Изменить размер шрифта - +

– Но как же я попаду сегодня в Цюрих? Можно ли где-нибудь здесь раздобыть карету?

– После обеда вы отправитесь в моем экипаже.

– Вы слишком добры…

– Оставьте. Я уже распорядился. Позаботьтесь лучше о том, чтобы как следует подкрепиться. Может быть, еще кусочек телячьего жаркого?

Едва обед завершился, карета аббата уже подъехала. Прежде чем гость в нее сел, аббат вручил ему еще два запечатанных письма влиятельным цюрихским жителям. Казанова тепло распрощался с гостеприимным хозяином и с благодарным чувством отправился в удобном экипаже по зеленеющей земле и берегу озера назад в Цюрих.

Когда он подъехал к своему трактиру, слуга Ледюк встретил его с откровенной ухмылкой.

– Чего смеешься?

– Да просто радуюсь, что вы уже нашли в этом чужом городе повод целых два дня провести вне дома.

– Глупости. Ступай и скажи хозяину, что останусь здесь на две недели и что мне на это время нужен экипаж и хороший лакей.

Хозяин явился сам и порекомендовал слугу, за честность которого он был готов поручиться. Он также нанял открытый экипаж, потому что других в это время не было.

На следующий день Казанова лично доставил письма господам Орелли и Песталоцци. Дома их не оказалось, однако оба они после полудня посетили его в гостинице и пригласили отобедать у них завтра и послезавтра, а в ближайший вечер – посетить концерт. Он дал согласие и явился в условленное время.

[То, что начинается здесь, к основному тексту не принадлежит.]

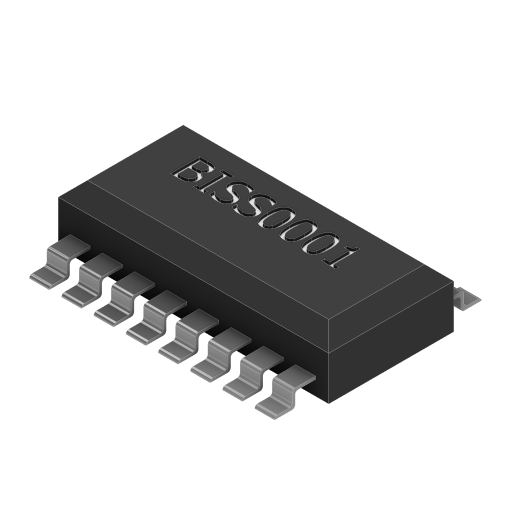
# Autodesk Inventor part: BISS0001 Chip
Saved by Autodesk Inventor 2024 (Build 280153000, 153)
## iProperties
Created: 2024-09-23
Part Number: BISS0001 Chip
Material: Generic
Document SubType Name: Modeling
Designer: Laith Al-Sadi
Density: 1 g/cm^3
Appearance: Rubber - Black
Author: Laith Al-Sadi
Autodesk Inventor part; units mm, degrees
ref_plane "YZ Plane" through (0, 0, 0) normal (1, 0, 0) x (0, 1, 0)
ref_plane "XZ Plane" through (0, 0, 0) normal (0, 1, 0) x (-1, 0, 0)
sketch "Sketch1" plane through (0, 0, 0) normal (0, 1, 0) x (-1, 0, 0)
  line L0 (4.62, 2.135) -> (-4.62, 2.135)
  line L1 (-4.62, 2.135) -> (-4.62, -2.135)
  line L2 (-4.62, -2.135) -> (4.62, -2.135)
  line L3 (4.62, -2.135) -> (4.62, 2.135)
  line L4 (4.62, 2.135) -> (-4.62, -2.135) construction
  line L5 (-4.62, 2.135) -> (4.62, -2.135) construction
  point P0 (0, 0)
  dimension "d0" = 9.24
  dimension "d1" = 4.27
  constraints: 12 end point, 2 midpoint, 2 parallel, 1 horizontal, 1 perpendicular
  measures "d0" distance of L1.end L2.end
  measures "d1" distance of L2.end L0.start
extrude "Extrusion1" add sketch "Sketch1" along normal blind 2
chamfer "Chamfer1" distance 0.5 angle 45 4 edges at (0, 2, 2.135) (-4.62, 2, 0) (0, 2, -2.135) (4.62, 2, 0)
sketch "Sketch2" plane through (0, 2, 0) normal (0, 1, 0) x (1, 0, 0)
  line L0 (-3, 1) -> (3, 1) construction
  line L1 (3, 1) -> (3, -1) construction
  line L2 (3, -1) -> (-3, -1) construction
  line L3 (-3, -1) -> (-3, 1) construction
  spline S0 degree 2 poles (-2.2204, 0.2869) (-2.2204, 0.2123) (-2.2771, 0.0981) (-2.3241, 0.0608) knots 0 0 0 1 2 2 2
  spline S1 degree 2 poles (-2.3241, 0.0608) (-2.3809, 0.017) (-2.5097, -0.0203) (-2.6118, -0.0203) knots 0 0 0 1 2 2 2
  line L4 (-2.6118, -0.0203) -> (-2.8987, -0.0203)
  line L5 (-2.8987, -0.0203) -> (-2.8987, 0.9797)
  line L6 (-2.8987, 0.9797) -> (-2.6337, 0.9797)
  spline S2 degree 2 poles (-2.6337, 0.9797) (-2.5267, 0.9797) (-2.4198, 0.966) (-2.3712, 0.9392) knots 0 0 0 1 2 2 2
  spline S3 degree 2 poles (-2.3712, 0.9392) (-2.3169, 0.9109) (-2.2674, 0.8177) (-2.2674, 0.7545) knots 0 0 0 1 2 2 2
  spline S4 degree 2 poles (-2.2674, 0.7545) (-2.2674, 0.684) (-2.342, 0.5721) (-2.4076, 0.5405) knots 0 0 0 1 2 2 2
  line L7 (-2.4076, 0.5405) -> (-2.4076, 0.5357)
  spline S5 degree 2 poles (-2.4076, 0.5357) (-2.3185, 0.5113) (-2.2204, 0.3825) (-2.2204, 0.2869) knots 0 0 0 1 2 2 2
  spline S6 degree 2 poles (-2.359, 0.2812) (-2.359, 0.3379) (-2.3914, 0.4109) (-2.44, 0.4368) knots 0 0 0 1 2 2 2
  spline S7 degree 2 poles (-2.44, 0.4368) (-2.4716, 0.453) (-2.5462, 0.4627) (-2.6151, 0.4627) knots 0 0 0 1 2 2 2
  line L8 (-2.6151, 0.4627) -> (-2.7658, 0.4627)
  line L9 (-2.7658, 0.4627) -> (-2.7658, 0.0932)
  line L10 (-2.7658, 0.0932) -> (-2.658, 0.0932)
  spline S8 degree 2 poles (-2.658, 0.0932) (-2.5705, 0.0932) (-2.47, 0.1094) (-2.4311, 0.1353) knots 0 0 0 1 2 2 2
  spline S9 degree 2 poles (-2.4311, 0.1353) (-2.3938, 0.1621) (-2.359, 0.2285) (-2.359, 0.2812) knots 0 0 0 1 2 2 2
  spline S10 degree 2 poles (-2.406, 0.7358) (-2.406, 0.7715) (-2.4303, 0.825) (-2.4571, 0.8404) knots 0 0 0 1 2 2 2
  spline S11 degree 2 poles (-2.4571, 0.8404) (-2.4895, 0.8582) (-2.5681, 0.8663) (-2.6386, 0.8663) knots 0 0 0 1 2 2 2
  line L11 (-2.6386, 0.8663) -> (-2.7658, 0.8663)
  line L12 (-2.7658, 0.8663) -> (-2.7658, 0.5737)
  line L13 (-2.7658, 0.5737) -> (-2.6151, 0.5737)
  spline S12 degree 2 poles (-2.6151, 0.5737) (-2.5527, 0.5737) (-2.4935, 0.5867) (-2.4619, 0.607) knots 0 0 0 1 2 2 2
  spline S13 degree 2 poles (-2.4619, 0.607) (-2.4311, 0.6264) (-2.406, 0.6888) (-2.406, 0.7358) knots 0 0 0 1 2 2 2
  line L14 (-1.7399, -0.0203) -> (-2.1272, -0.0203)
  line L15 (-2.1272, -0.0203) -> (-2.1272, 0.0818)
  line L16 (-2.1272, 0.0818) -> (-2, 0.0818)
  line L17 (-2, 0.0818) -> (-2, 0.8776)
  line L18 (-2, 0.8776) -> (-2.1272, 0.8776)
  line L19 (-2.1272, 0.8776) -> (-2.1272, 0.9797)
  line L20 (-2.1272, 0.9797) -> (-1.7399, 0.9797)
  line L21 (-1.7399, 0.9797) -> (-1.7399, 0.8776)
  line L22 (-1.7399, 0.8776) -> (-1.8671, 0.8776)
  line L23 (-1.8671, 0.8776) -> (-1.8671, 0.0818)
  line L24 (-1.8671, 0.0818) -> (-1.7399, 0.0818)
  line L25 (-1.7399, 0.0818) -> (-1.7399, -0.0203)
  spline S14 degree 2 poles (-1.2966, -0.0381) (-1.4052, -0.0381) (-1.5575, 0.0073) (-1.6248, 0.0397) knots 0 0 0 1 2 2 2
  line L26 (-1.6248, 0.0397) -> (-1.6248, 0.2066)
  line L27 (-1.6248, 0.2066) -> (-1.6151, 0.2066)
  spline S15 degree 2 poles (-1.6151, 0.2066) (-1.5494, 0.1451) (-1.3833, 0.077) (-1.3063, 0.077) knots 0 0 0 1 2 2 2
  spline S16 degree 2 poles (-1.3063, 0.077) (-1.1961, 0.077) (-1.0835, 0.1686) (-1.0835, 0.2439) knots 0 0 0 1 2 2 2
  spline S17 degree 2 poles (-1.0835, 0.2439) (-1.0835, 0.3039) (-1.1426, 0.3784) (-1.2066, 0.3971) knots 0 0 0 1 2 2 2
  spline S18 degree 2 poles (-1.2066, 0.3971) (-1.2528, 0.41) (-1.3298, 0.4279) (-1.3874, 0.4425) knots 0 0 0 1 2 2 2
  spline S19 degree 2 poles (-1.3874, 0.4425) (-1.4392, 0.4562) (-1.5211, 0.4976) (-1.5527, 0.5308) knots 0 0 0 1 2 2 2
  spline S20 degree 2 poles (-1.5527, 0.5308) (-1.5835, 0.564) (-1.6175, 0.6532) (-1.6175, 0.7115) knots 0 0 0 1 2 2 2
  spline S21 degree 2 poles (-1.6175, 0.7115) (-1.6175, 0.8331) (-1.4279, 0.9976) (-1.2812, 0.9976) knots 0 0 0 1 2 2 2
  spline S22 degree 2 poles (-1.2812, 0.9976) (-1.1969, 0.9976) (-1.0478, 0.9643) (-0.9838, 0.9327) knots 0 0 0 1 2 2 2
  line L28 (-0.9838, 0.9327) -> (-0.9838, 0.7739)
  line L29 (-0.9838, 0.7739) -> (-0.9935, 0.7739)
  spline S23 degree 2 poles (-0.9935, 0.7739) (-1.0413, 0.8177) (-1.1904, 0.8825) (-1.2723, 0.8825) knots 0 0 0 1 2 2 2
  spline S24 degree 2 poles (-1.2723, 0.8825) (-1.3647, 0.8825) (-1.4789, 0.7958) (-1.4789, 0.7253) knots 0 0 0 1 2 2 2
  spline S25 degree 2 poles (-1.4789, 0.7253) (-1.4789, 0.6621) (-1.4117, 0.5867) (-1.3485, 0.5697) knots 0 0 0 1 2 2 2
  spline S26 degree 2 poles (-1.3485, 0.5697) (-1.3063, 0.5583) (-1.184, 0.5292) (-1.1434, 0.517) knots 0 0 0 1 2 2 2
  spline S27 degree 2 poles (-1.1434, 0.517) (-1.0405, 0.4854) (-0.9449, 0.3582) (-0.9449, 0.265) knots 0 0 0 1 2 2 2
  spline S28 degree 2 poles (-0.9449, 0.265) (-0.9449, 0.2058) (-0.9927, 0.0924) (-1.0357, 0.0527) knots 0 0 0 1 2 2 2
  spline S29 degree 2 poles (-1.0357, 0.0527) (-1.0835, 0.0089) (-1.205, -0.0381) (-1.2966, -0.0381) knots 0 0 0 1 2 2 2
  spline S30 degree 2 poles (-0.5308, -0.0381) (-0.6394, -0.0381) (-0.7917, 0.0073) (-0.859, 0.0397) knots 0 0 0 1 2 2 2
  line L30 (-0.859, 0.0397) -> (-0.859, 0.2066)
  line L31 (-0.859, 0.2066) -> (-0.8493, 0.2066)
  spline S31 degree 2 poles (-0.8493, 0.2066) (-0.7836, 0.1451) (-0.6175, 0.077) (-0.5405, 0.077) knots 0 0 0 1 2 2 2
  spline S32 degree 2 poles (-0.5405, 0.077) (-0.4303, 0.077) (-0.3177, 0.1686) (-0.3177, 0.2439) knots 0 0 0 1 2 2 2
  spline S33 degree 2 poles (-0.3177, 0.2439) (-0.3177, 0.3039) (-0.3768, 0.3784) (-0.4408, 0.3971) knots 0 0 0 1 2 2 2
  spline S34 degree 2 poles (-0.4408, 0.3971) (-0.487, 0.41) (-0.564, 0.4279) (-0.6216, 0.4425) knots 0 0 0 1 2 2 2
  spline S35 degree 2 poles (-0.6216, 0.4425) (-0.6734, 0.4562) (-0.7553, 0.4976) (-0.7869, 0.5308) knots 0 0 0 1 2 2 2
  spline S36 degree 2 poles (-0.7869, 0.5308) (-0.8177, 0.564) (-0.8517, 0.6532) (-0.8517, 0.7115) knots 0 0 0 1 2 2 2
  spline S37 degree 2 poles (-0.8517, 0.7115) (-0.8517, 0.8331) (-0.6621, 0.9976) (-0.5154, 0.9976) knots 0 0 0 1 2 2 2
  spline S38 degree 2 poles (-0.5154, 0.9976) (-0.4311, 0.9976) (-0.282, 0.9643) (-0.218, 0.9327) knots 0 0 0 1 2 2 2
  line L32 (-0.218, 0.9327) -> (-0.218, 0.7739)
  line L33 (-0.218, 0.7739) -> (-0.2277, 0.7739)
  spline S39 degree 2 poles (-0.2277, 0.7739) (-0.2755, 0.8177) (-0.4246, 0.8825) (-0.5065, 0.8825) knots 0 0 0 1 2 2 2
  spline S40 degree 2 poles (-0.5065, 0.8825) (-0.5989, 0.8825) (-0.7131, 0.7958) (-0.7131, 0.7253) knots 0 0 0 1 2 2 2
  spline S41 degree 2 poles (-0.7131, 0.7253) (-0.7131, 0.6621) (-0.6459, 0.5867) (-0.5827, 0.5697) knots 0 0 0 1 2 2 2
  spline S42 degree 2 poles (-0.5827, 0.5697) (-0.5405, 0.5583) (-0.4182, 0.5292) (-0.3776, 0.517) knots 0 0 0 1 2 2 2
  spline S43 degree 2 poles (-0.3776, 0.517) (-0.2747, 0.4854) (-0.1791, 0.3582) (-0.1791, 0.265) knots 0 0 0 1 2 2 2
  spline S44 degree 2 poles (-0.1791, 0.265) (-0.1791, 0.2058) (-0.2269, 0.0924) (-0.2699, 0.0527) knots 0 0 0 1 2 2 2
  spline S45 degree 2 poles (-0.2699, 0.0527) (-0.3177, 0.0089) (-0.4392, -0.0381) (-0.5308, -0.0381) knots 0 0 0 1 2 2 2
  spline S46 degree 2 poles (0.5502, 0.4797) (0.5502, 0.2107) (0.3938, -0.0413) (0.231, -0.0413) knots 0 0 0 1 2 2 2
  spline S47 degree 2 poles (0.231, -0.0413) (0.0656, -0.0413) (-0.0891, 0.2156) (-0.0891, 0.4789) knots 0 0 0 1 2 2 2
  spline S48 degree 2 poles (-0.0891, 0.4789) (-0.0891, 0.7496) (0.0673, 1) (0.231, 1) knots 0 0 0 1 2 2 2
  spline S49 degree 2 poles (0.231, 1) (0.3955, 1) (0.5502, 0.7407) (0.5502, 0.4797) knots 0 0 0 1 2 2 2
  spline S50 degree 2 poles (0.3784, 0.175) (0.3979, 0.2245) (0.4141, 0.3768) (0.4141, 0.4797) knots 0 0 0 1 2 2 2
  spline S51 degree 2 poles (0.4141, 0.4797) (0.4141, 0.5827) (0.3979, 0.7342) (0.3776, 0.7853) knots 0 0 0 1 2 2 2
  spline S52 degree 2 poles (0.3776, 0.7853) (0.3574, 0.8363) (0.2869, 0.889) (0.231, 0.889) knots 0 0 0 1 2 2 2
  spline S53 degree 2 poles (0.231, 0.889) (0.175, 0.889) (0.1029, 0.8363) (0.0818, 0.7836) knots 0 0 0 1 2 2 2
  spline S54 degree 2 poles (0.0818, 0.7836) (0.0616, 0.7326) (0.047, 0.577) (0.047, 0.4789) knots 0 0 0 1 2 2 2
  spline S55 degree 2 poles (0.047, 0.4789) (0.047, 0.3736) (0.06, 0.2326) (0.081, 0.1775) knots 0 0 0 1 2 2 2
  spline S56 degree 2 poles (0.081, 0.1775) (0.1005, 0.1256) (0.1726, 0.0697) (0.231, 0.0697) knots 0 0 0 1 2 2 2
  spline S57 degree 2 poles (0.231, 0.0697) (0.2861, 0.0697) (0.3582, 0.1224) (0.3784, 0.175) knots 0 0 0 1 2 2 2
  spline S58 degree 2 poles (1.3006, 0.4797) (1.3006, 0.2107) (1.1442, -0.0413) (0.9814, -0.0413) knots 0 0 0 1 2 2 2
  spline S59 degree 2 poles (0.9814, -0.0413) (0.816, -0.0413) (0.6613, 0.2156) (0.6613, 0.4789) knots 0 0 0 1 2 2 2
  spline S60 degree 2 poles (0.6613, 0.4789) (0.6613, 0.7496) (0.8177, 1) (0.9814, 1) knots 0 0 0 1 2 2 2
  spline S61 degree 2 poles (0.9814, 1) (1.1459, 1) (1.3006, 0.7407) (1.3006, 0.4797) knots 0 0 0 1 2 2 2
  spline S62 degree 2 poles (1.1288, 0.175) (1.1483, 0.2245) (1.1645, 0.3768) (1.1645, 0.4797) knots 0 0 0 1 2 2 2
  spline S63 degree 2 poles (1.1645, 0.4797) (1.1645, 0.5827) (1.1483, 0.7342) (1.128, 0.7853) knots 0 0 0 1 2 2 2
  spline S64 degree 2 poles (1.128, 0.7853) (1.1078, 0.8363) (1.0373, 0.889) (0.9814, 0.889) knots 0 0 0 1 2 2 2
  spline S65 degree 2 poles (0.9814, 0.889) (0.9254, 0.889) (0.8533, 0.8363) (0.8323, 0.7836) knots 0 0 0 1 2 2 2
  spline S66 degree 2 poles (0.8323, 0.7836) (0.812, 0.7326) (0.7974, 0.577) (0.7974, 0.4789) knots 0 0 0 1 2 2 2
  spline S67 degree 2 poles (0.7974, 0.4789) (0.7974, 0.3736) (0.8104, 0.2326) (0.8314, 0.1775) knots 0 0 0 1 2 2 2
  spline S68 degree 2 poles (0.8314, 0.1775) (0.8509, 0.1256) (0.923, 0.0697) (0.9814, 0.0697) knots 0 0 0 1 2 2 2
  spline S69 degree 2 poles (0.9814, 0.0697) (1.0365, 0.0697) (1.1086, 0.1224) (1.1288, 0.175) knots 0 0 0 1 2 2 2
  spline S70 degree 2 poles (2.0511, 0.4797) (2.0511, 0.2107) (1.8947, -0.0413) (1.7318, -0.0413) knots 0 0 0 1 2 2 2
  spline S71 degree 2 poles (1.7318, -0.0413) (1.5665, -0.0413) (1.4117, 0.2156) (1.4117, 0.4789) knots 0 0 0 1 2 2 2
  spline S72 degree 2 poles (1.4117, 0.4789) (1.4117, 0.7496) (1.5681, 1) (1.7318, 1) knots 0 0 0 1 2 2 2
  spline S73 degree 2 poles (1.7318, 1) (1.8963, 1) (2.0511, 0.7407) (2.0511, 0.4797) knots 0 0 0 1 2 2 2
  spline S74 degree 2 poles (1.8793, 0.175) (1.8987, 0.2245) (1.9149, 0.3768) (1.9149, 0.4797) knots 0 0 0 1 2 2 2
  spline S75 degree 2 poles (1.9149, 0.4797) (1.9149, 0.5827) (1.8987, 0.7342) (1.8784, 0.7853) knots 0 0 0 1 2 2 2
  spline S76 degree 2 poles (1.8784, 0.7853) (1.8582, 0.8363) (1.7877, 0.889) (1.7318, 0.889) knots 0 0 0 1 2 2 2
  spline S77 degree 2 poles (1.7318, 0.889) (1.6759, 0.889) (1.6037, 0.8363) (1.5827, 0.7836) knots 0 0 0 1 2 2 2
  spline S78 degree 2 poles (1.5827, 0.7836) (1.5624, 0.7326) (1.5478, 0.577) (1.5478, 0.4789) knots 0 0 0 1 2 2 2
  spline S79 degree 2 poles (1.5478, 0.4789) (1.5478, 0.3736) (1.5608, 0.2326) (1.5818, 0.1775) knots 0 0 0 1 2 2 2
  spline S80 degree 2 poles (1.5818, 0.1775) (1.6013, 0.1256) (1.6734, 0.0697) (1.7318, 0.0697) knots 0 0 0 1 2 2 2
  spline S81 degree 2 poles (1.7318, 0.0697) (1.7869, 0.0697) (1.859, 0.1224) (1.8793, 0.175) knots 0 0 0 1 2 2 2
  line L34 (2.7455, -0.0203) -> (2.2577, -0.0203)
  line L35 (2.2577, -0.0203) -> (2.2577, 0.0818)
  line L36 (2.2577, 0.0818) -> (2.4392, 0.0818)
  line L37 (2.4392, 0.0818) -> (2.4392, 0.752)
  line L38 (2.4392, 0.752) -> (2.2577, 0.752)
  line L39 (2.2577, 0.752) -> (2.2577, 0.8436)
  spline S82 degree 2 poles (2.2577, 0.8436) (2.3606, 0.8436) (2.4579, 0.9019) (2.4643, 0.983) knots 0 0 0 1 2 2 2
  line L40 (2.4643, 0.983) -> (2.5681, 0.983)
  line L41 (2.5681, 0.983) -> (2.5681, 0.0818)
  line L42 (2.5681, 0.0818) -> (2.7455, 0.0818)
  line L43 (2.7455, 0.0818) -> (2.7455, -0.0203)
  point P0 (0, 0)
  point P1 (3, 0)
  point P2 (0, 1)
  dimension "d7" = 6
  dimension "d8" = 2
  constraints: 2 midpoint, 1 horizontal, 1 horizontal alignment, 1 vertical alignment, 2 other
  measures "d7" distance of L0.start L0.end
  measures "d8" distance of L0.end L1.end
extrude "Extrusion2" cut sketch "Sketch2" against normal blind 0.1
ref_plane "Work Plane1" through (4.17, 0, 2.135) normal (1, 0, 0) x (0, 0, -1)
sketch "Sketch4" plane through (4.17, 0, 2.135) normal (1, 0, 0) x (0, 0, -1)
  line L0 (0, 0) -> (0, 1.5) projected
  line L1 (0, 0.5) -> (-0.6, 0.5)
  line L2 (-0.7, 0.4) -> (-0.7, 0.1)
  line L3 (-0.8, 0) -> (-1.4, 0)
  line L4 (0, 0) -> (4.27, 0) projected
  line L5 (0, 0.6) -> (-0.7, 0.6)
  line L6 (-0.8, 0.5) -> (-0.8, 0.2)
  line L7 (-0.9, 0.1) -> (-1.3, 0.1)
  line L8 (-1.4, 0) -> (-1.4, 0)
  line L9 (0, 0.6) -> (0, 0.5)
  arc A0 (-0.6, 0.5) -> (-0.7, 0.4) centre (-0.6, 0.4) ccw
  arc A1 (-0.7, 0.6) -> (-0.8, 0.5) centre (-0.7, 0.5) ccw
  arc A2 (-0.9, 0.1) -> (-0.8, 0.2) centre (-0.9, 0.2) ccw
  arc A3 (-0.8, 0) -> (-0.7, 0.1) centre (-0.8, 0.1) ccw
  arc A4 (-1.3, 0.1) -> (-1.4, 0) centre (-1.3, 0) ccw
  point P0 (2.135, 0)
  point P1 (-0.7, 0.5)
  point P2 (-0.7, 0)
  point P3 (-1.4, 0)
  point P4 (0, 0.6)
  dimension "d12" = 0.7
  dimension "d13" = 0.5
  dimension "d14" = 0.5
  dimension "d15" = 0.7
  dimension "d16" = 0.1
  dimension "d17" = 0.1
  constraints: 16 end point, 10 point on circle, 10 tangent, 5 centre point, 5 perpendicular, 5 point on line, 4 equal radius, 1 collinear, 1 horizontal, 1 vertical, 2 other
  measures "d12" distance of L1.start point (-0.7, 0.5)
  measures "d13" distance of point (-0.7, 0.5) point (-0.7, 0)
  measures "d14" distance between parallel lines of L4 L1
  measures "d15" distance of point (-0.7, 0) L3.end
  measures "d16" distance between parallel lines of L1 L5
  measures "d17" radius of A0
extrude "Extrusion3" add sketch "Sketch4" against normal blind 0.68
pattern_linear "Rectangular Pattern1" count 8 spacing 1.1 along (-1, 0, 0) of "Extrusion3"
mirror "Mirror1" about plane through (0, 0, 0) normal (0, 0, 1) of "Extrusion3", "Rectangular Pattern1"
body "Solid1"

Концерт, стоивший талер входной платы, ему вовсе не понравился. В особенности его раздражение вызвало то удручающее обстоятельство, что мужчины и женщины сидели раздельно, в разных частях зала. Его острый глаз приметил среди дам несколько красавиц, и он не понимал, почему нравы запрещают ему за ними поухаживать. После концерта он был представлен супругам и дочерям господ, и госпожу Песталоцции Казанова отметил как чрезвычайно миловидную и любезную даму. Однако удержался от всякой легкомысленной галантности.

Хотя такая сдержанность далась Казанове не без труда, он остался доволен собой. В письмах аббата он был представлен своим новым друзьям человеком, вступившим на путь покаяния, и было заметно, что с ним обходились с почти благоговейным вниманием, хотя его окружали в основном протестанты. Это внимание пришлось ему по нраву и отчасти заменило удовольствия, которыми он пожертвовал ради серьезности своего облика.

И эта серьезность далась ему настолько, что вскоре даже на улице с ним стали здороваться с каким-то особым почтением. Атмосфера аскезы и святости витала вокруг этого удивительного человека, репутация которого была столь же переменчива, как и его жизнь.

И все же он не мог отказать себе в том, чтобы перед своим уходом из мирской жизни не написать герцогу вюртембергскому бесстыдно откровенное письмо. Об этом не знал никто. Как не знал никто и того, что порой под покровом темноты он навещал дом, в котором не обитали монахи и не звучали псалмы.

 

 

Утренние часы благочестивый приезжий посвящал изучению немецкого языка. Он подобрал на улице какого-то бедолагу, генуэзца по имени Джустиниани. И тот сидел теперь каждое утро у Казановы и обучал его немецкому, получая каждый раз в качестве гонорара шесть франков.

Этот сбившийся с пути человек, которому его богатый ученик был, между прочим, обязан адресом того самого дома, развлекал своего благодетеля главным образом тем, что костил и поносил монашество и монастырскую жизнь на все лады. Он не знал, что его ученик собрался стать бенедиктинцем, в противном случае, несомненно, был бы осмотрительнее. Но Казанова на него не обижался. Генуэзец сам когда-то был капуцином и расстался с монашеским одеянием. Теперь же вновь обращенный находил удовольствие в том, что вызывал беднягу на излияние своей неприязни к монастырям.

– Но ведь среди монахов попадаются и приличные люди, – замечал он, к примеру.